Print, exactly as they appear in the listing below, the lines from the line with "#153=VERTEX_POINT('',#152);" to the line with "#168=CIRCLE('',#167,1.45);", with both end lines kept.

_Listed entries_
════════════════════
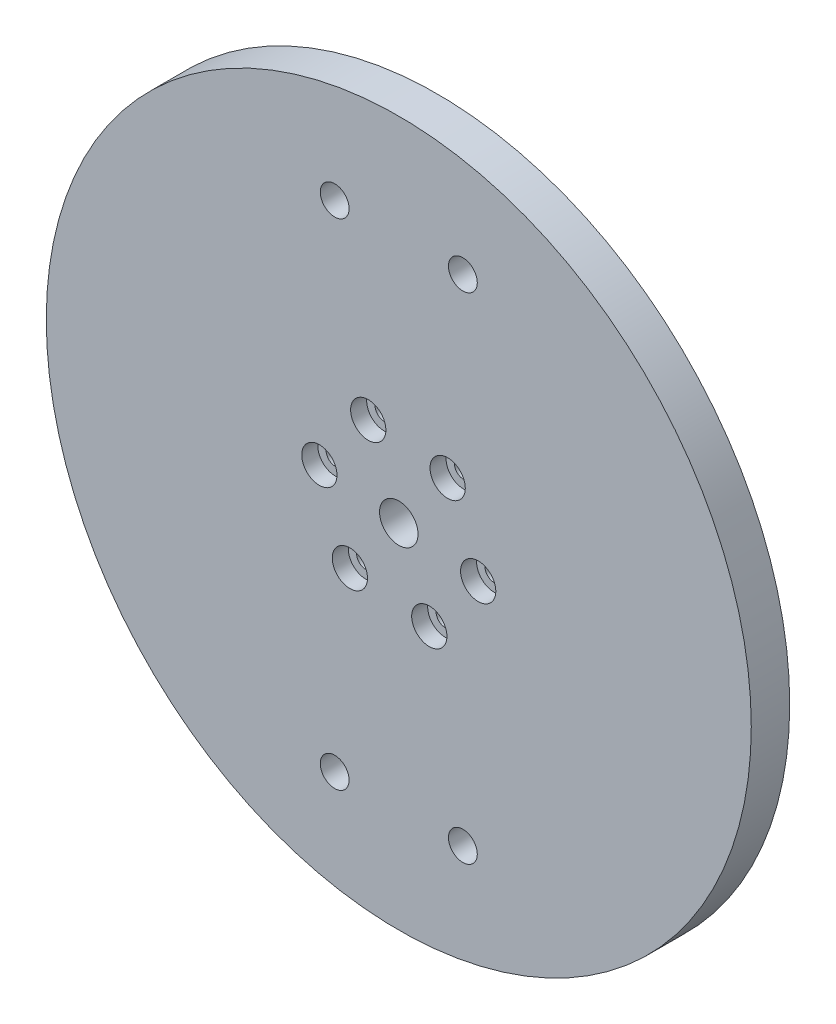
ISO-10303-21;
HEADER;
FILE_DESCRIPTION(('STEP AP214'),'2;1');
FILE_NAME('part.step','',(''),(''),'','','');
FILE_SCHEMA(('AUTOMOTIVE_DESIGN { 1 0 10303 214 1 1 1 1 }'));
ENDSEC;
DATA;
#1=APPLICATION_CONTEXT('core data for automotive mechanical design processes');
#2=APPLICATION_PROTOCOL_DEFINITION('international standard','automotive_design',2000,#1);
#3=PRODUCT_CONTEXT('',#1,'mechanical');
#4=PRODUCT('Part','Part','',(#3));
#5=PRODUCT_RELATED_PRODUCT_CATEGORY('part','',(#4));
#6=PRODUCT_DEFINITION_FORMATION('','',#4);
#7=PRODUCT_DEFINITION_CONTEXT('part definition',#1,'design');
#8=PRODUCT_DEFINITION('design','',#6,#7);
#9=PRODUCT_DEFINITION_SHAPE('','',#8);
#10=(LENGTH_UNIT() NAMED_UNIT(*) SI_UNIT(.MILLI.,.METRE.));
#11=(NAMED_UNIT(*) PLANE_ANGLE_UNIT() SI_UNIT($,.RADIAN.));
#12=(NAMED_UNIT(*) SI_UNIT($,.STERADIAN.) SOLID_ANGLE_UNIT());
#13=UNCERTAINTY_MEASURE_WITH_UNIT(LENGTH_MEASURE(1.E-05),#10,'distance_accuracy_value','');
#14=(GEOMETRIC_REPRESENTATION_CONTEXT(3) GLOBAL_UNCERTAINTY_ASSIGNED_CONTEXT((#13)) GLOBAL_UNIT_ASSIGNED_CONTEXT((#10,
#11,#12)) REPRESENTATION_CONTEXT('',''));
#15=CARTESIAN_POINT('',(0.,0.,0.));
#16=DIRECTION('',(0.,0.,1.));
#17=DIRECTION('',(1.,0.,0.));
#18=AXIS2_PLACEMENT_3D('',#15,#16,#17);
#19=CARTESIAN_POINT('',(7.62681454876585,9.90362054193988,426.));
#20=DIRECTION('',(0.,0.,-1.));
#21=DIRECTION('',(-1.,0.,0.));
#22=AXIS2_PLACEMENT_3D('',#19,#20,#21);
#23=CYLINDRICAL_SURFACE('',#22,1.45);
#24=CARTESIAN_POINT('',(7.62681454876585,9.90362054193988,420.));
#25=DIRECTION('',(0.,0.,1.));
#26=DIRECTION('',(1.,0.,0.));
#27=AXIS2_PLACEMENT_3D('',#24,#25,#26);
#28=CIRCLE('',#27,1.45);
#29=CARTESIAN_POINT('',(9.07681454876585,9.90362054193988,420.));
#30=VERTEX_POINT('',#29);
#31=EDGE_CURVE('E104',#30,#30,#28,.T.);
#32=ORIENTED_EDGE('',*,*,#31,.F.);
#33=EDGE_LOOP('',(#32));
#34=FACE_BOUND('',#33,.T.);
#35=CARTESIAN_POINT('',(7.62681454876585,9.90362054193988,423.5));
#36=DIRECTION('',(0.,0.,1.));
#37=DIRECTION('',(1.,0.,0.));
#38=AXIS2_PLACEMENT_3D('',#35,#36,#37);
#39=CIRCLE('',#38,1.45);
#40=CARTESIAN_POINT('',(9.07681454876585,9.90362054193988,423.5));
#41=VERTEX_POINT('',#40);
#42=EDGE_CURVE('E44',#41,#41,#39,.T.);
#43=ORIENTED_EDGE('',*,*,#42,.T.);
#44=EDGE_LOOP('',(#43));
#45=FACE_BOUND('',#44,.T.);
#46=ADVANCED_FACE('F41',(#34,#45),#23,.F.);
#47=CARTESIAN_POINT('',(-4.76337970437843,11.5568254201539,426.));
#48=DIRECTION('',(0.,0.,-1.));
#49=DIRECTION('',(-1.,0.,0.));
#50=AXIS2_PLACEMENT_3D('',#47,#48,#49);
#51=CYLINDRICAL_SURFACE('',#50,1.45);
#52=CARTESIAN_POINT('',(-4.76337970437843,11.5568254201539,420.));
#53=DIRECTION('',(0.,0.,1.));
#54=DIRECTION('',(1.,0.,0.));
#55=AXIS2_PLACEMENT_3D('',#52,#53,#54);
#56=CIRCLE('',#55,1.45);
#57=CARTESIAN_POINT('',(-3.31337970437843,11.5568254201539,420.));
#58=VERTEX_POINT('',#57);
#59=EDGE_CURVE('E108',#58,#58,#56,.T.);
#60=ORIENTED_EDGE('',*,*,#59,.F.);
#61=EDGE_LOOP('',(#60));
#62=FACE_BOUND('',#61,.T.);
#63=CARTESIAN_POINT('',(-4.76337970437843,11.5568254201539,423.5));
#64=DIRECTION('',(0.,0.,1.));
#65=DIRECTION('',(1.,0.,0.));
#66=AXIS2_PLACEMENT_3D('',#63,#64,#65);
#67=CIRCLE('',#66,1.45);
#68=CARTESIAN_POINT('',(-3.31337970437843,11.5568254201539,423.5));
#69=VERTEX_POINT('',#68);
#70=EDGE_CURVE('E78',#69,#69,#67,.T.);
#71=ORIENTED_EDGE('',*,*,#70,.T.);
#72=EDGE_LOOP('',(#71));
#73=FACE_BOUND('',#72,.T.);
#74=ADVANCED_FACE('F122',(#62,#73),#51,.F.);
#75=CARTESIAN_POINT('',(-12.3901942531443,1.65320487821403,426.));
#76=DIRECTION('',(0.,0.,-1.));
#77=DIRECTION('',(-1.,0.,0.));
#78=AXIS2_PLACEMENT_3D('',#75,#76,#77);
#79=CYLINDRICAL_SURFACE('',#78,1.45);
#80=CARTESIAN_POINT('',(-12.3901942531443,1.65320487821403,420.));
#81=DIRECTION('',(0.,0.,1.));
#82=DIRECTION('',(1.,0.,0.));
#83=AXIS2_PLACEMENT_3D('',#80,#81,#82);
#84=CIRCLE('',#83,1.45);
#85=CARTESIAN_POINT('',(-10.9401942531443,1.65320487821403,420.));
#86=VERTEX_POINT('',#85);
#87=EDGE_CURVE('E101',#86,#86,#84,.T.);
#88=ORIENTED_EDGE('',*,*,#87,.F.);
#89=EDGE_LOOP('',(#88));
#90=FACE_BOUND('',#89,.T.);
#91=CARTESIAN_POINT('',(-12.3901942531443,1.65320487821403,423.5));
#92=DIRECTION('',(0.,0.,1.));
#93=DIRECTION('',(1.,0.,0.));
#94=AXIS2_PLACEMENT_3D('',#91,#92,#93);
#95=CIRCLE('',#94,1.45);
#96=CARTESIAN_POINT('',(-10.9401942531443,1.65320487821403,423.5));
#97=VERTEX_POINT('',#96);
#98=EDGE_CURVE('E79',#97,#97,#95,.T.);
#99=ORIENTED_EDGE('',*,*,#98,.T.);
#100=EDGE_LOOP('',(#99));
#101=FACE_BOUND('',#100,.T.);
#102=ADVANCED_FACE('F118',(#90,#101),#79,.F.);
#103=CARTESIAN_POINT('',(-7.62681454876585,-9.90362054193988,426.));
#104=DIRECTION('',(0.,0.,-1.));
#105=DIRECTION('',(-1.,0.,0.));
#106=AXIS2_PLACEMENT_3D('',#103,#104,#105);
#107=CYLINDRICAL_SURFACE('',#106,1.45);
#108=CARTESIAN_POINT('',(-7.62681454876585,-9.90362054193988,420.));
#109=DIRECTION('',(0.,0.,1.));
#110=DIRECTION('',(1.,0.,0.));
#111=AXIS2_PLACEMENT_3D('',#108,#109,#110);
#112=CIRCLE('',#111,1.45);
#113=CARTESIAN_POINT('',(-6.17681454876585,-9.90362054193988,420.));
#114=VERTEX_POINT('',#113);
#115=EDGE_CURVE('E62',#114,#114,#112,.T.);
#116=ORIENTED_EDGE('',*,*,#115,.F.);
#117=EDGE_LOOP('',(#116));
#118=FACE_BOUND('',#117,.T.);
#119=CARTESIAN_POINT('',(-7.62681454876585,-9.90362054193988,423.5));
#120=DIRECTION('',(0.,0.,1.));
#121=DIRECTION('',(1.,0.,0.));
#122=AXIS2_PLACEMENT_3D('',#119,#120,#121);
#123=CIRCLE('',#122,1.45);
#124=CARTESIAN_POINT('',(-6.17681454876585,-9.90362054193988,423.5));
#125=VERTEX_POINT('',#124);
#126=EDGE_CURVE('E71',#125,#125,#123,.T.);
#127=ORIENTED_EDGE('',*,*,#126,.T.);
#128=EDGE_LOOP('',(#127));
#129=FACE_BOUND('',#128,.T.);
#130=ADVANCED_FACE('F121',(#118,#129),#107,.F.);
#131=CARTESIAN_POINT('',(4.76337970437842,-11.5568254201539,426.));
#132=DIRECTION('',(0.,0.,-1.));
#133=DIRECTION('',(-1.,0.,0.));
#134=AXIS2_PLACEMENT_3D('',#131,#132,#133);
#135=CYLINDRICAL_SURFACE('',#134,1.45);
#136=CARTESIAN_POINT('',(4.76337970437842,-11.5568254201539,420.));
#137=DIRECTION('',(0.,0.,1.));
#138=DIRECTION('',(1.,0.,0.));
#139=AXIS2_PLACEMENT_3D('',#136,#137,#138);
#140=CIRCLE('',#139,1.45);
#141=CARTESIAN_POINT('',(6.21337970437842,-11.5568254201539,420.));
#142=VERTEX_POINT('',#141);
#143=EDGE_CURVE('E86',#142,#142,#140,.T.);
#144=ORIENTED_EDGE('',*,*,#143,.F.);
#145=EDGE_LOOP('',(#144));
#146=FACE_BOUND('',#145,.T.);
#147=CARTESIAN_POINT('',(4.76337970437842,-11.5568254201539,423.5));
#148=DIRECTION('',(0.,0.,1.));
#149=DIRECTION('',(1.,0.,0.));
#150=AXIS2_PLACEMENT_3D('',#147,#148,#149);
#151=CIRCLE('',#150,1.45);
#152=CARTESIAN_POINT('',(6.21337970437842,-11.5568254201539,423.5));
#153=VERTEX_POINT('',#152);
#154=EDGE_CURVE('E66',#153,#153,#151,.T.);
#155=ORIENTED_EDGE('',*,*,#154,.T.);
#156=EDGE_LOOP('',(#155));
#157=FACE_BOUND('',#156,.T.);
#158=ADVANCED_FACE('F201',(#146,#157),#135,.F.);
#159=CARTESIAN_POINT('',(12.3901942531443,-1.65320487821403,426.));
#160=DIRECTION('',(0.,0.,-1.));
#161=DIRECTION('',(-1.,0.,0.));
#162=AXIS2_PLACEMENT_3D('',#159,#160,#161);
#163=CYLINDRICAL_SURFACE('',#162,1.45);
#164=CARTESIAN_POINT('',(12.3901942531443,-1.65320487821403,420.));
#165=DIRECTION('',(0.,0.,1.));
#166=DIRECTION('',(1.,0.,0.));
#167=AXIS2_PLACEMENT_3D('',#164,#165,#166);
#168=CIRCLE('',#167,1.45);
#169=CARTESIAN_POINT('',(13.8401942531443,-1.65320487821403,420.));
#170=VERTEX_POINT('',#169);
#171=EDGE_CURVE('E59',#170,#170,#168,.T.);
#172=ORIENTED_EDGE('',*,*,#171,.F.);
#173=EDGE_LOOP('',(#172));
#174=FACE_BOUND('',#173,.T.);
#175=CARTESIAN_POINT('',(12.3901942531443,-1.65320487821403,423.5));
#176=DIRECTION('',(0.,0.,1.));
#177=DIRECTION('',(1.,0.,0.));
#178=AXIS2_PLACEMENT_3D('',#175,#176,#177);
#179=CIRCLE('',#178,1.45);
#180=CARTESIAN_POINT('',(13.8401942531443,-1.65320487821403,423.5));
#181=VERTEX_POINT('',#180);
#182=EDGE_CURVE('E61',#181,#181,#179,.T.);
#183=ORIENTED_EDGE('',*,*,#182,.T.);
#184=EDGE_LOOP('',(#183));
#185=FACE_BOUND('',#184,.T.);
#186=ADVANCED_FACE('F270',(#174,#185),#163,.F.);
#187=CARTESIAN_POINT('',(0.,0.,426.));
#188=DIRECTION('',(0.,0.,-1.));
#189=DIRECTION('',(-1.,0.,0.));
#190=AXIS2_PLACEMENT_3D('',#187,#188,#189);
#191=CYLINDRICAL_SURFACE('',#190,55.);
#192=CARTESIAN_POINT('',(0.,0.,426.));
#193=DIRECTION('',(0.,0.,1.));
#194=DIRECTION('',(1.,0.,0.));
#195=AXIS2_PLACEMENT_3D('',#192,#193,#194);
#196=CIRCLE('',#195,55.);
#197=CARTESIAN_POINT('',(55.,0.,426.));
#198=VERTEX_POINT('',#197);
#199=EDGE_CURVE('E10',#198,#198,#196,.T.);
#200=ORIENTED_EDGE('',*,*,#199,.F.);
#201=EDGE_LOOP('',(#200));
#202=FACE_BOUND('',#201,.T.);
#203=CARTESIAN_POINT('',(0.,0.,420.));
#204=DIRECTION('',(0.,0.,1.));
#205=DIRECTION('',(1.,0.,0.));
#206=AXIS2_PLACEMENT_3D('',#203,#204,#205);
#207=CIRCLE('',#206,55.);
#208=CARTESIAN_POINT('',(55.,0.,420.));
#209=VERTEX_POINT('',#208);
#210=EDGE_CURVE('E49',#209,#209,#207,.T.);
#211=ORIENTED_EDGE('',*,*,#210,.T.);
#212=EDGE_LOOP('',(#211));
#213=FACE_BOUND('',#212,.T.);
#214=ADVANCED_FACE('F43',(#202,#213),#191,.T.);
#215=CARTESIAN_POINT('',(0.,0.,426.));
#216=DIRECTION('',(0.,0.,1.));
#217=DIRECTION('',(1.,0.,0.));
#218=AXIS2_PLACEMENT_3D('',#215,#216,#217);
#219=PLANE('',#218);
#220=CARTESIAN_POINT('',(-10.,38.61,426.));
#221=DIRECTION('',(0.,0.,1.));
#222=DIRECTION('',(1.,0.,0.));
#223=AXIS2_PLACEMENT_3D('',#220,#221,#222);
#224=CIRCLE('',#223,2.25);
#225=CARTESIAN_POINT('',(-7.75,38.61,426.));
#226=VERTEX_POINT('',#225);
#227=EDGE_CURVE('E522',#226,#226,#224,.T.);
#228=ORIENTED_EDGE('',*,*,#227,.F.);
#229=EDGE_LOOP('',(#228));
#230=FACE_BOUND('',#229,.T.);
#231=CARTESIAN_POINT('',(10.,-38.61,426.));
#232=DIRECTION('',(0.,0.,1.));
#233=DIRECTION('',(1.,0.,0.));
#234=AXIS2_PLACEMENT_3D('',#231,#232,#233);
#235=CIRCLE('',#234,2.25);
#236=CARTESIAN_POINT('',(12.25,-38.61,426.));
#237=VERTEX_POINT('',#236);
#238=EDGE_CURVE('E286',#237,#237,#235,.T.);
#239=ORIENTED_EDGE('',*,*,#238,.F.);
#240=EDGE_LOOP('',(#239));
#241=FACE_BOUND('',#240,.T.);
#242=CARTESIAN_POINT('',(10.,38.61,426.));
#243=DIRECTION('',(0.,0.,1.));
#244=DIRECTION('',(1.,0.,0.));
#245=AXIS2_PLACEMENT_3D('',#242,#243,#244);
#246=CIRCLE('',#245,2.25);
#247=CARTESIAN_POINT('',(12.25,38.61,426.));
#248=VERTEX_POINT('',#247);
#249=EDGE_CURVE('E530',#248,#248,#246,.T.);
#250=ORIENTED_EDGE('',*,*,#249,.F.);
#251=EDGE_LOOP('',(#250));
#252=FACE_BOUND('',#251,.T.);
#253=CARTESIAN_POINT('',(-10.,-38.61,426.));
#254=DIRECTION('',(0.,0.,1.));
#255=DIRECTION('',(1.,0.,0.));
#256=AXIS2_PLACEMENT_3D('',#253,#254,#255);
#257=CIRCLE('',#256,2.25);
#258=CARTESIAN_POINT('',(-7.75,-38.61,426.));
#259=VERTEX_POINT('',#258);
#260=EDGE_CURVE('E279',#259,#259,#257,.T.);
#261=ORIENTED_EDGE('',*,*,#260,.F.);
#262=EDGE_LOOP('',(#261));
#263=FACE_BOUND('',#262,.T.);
════════════════════
_Task answer_
#153=VERTEX_POINT('',#152);
#154=EDGE_CURVE('E66',#153,#153,#151,.T.);
#155=ORIENTED_EDGE('',*,*,#154,.T.);
#156=EDGE_LOOP('',(#155));
#157=FACE_BOUND('',#156,.T.);
#158=ADVANCED_FACE('F201',(#146,#157),#135,.F.);
#159=CARTESIAN_POINT('',(12.3901942531443,-1.65320487821403,426.));
#160=DIRECTION('',(0.,0.,-1.));
#161=DIRECTION('',(-1.,0.,0.));
#162=AXIS2_PLACEMENT_3D('',#159,#160,#161);
#163=CYLINDRICAL_SURFACE('',#162,1.45);
#164=CARTESIAN_POINT('',(12.3901942531443,-1.65320487821403,420.));
#165=DIRECTION('',(0.,0.,1.));
#166=DIRECTION('',(1.,0.,0.));
#167=AXIS2_PLACEMENT_3D('',#164,#165,#166);
#168=CIRCLE('',#167,1.45);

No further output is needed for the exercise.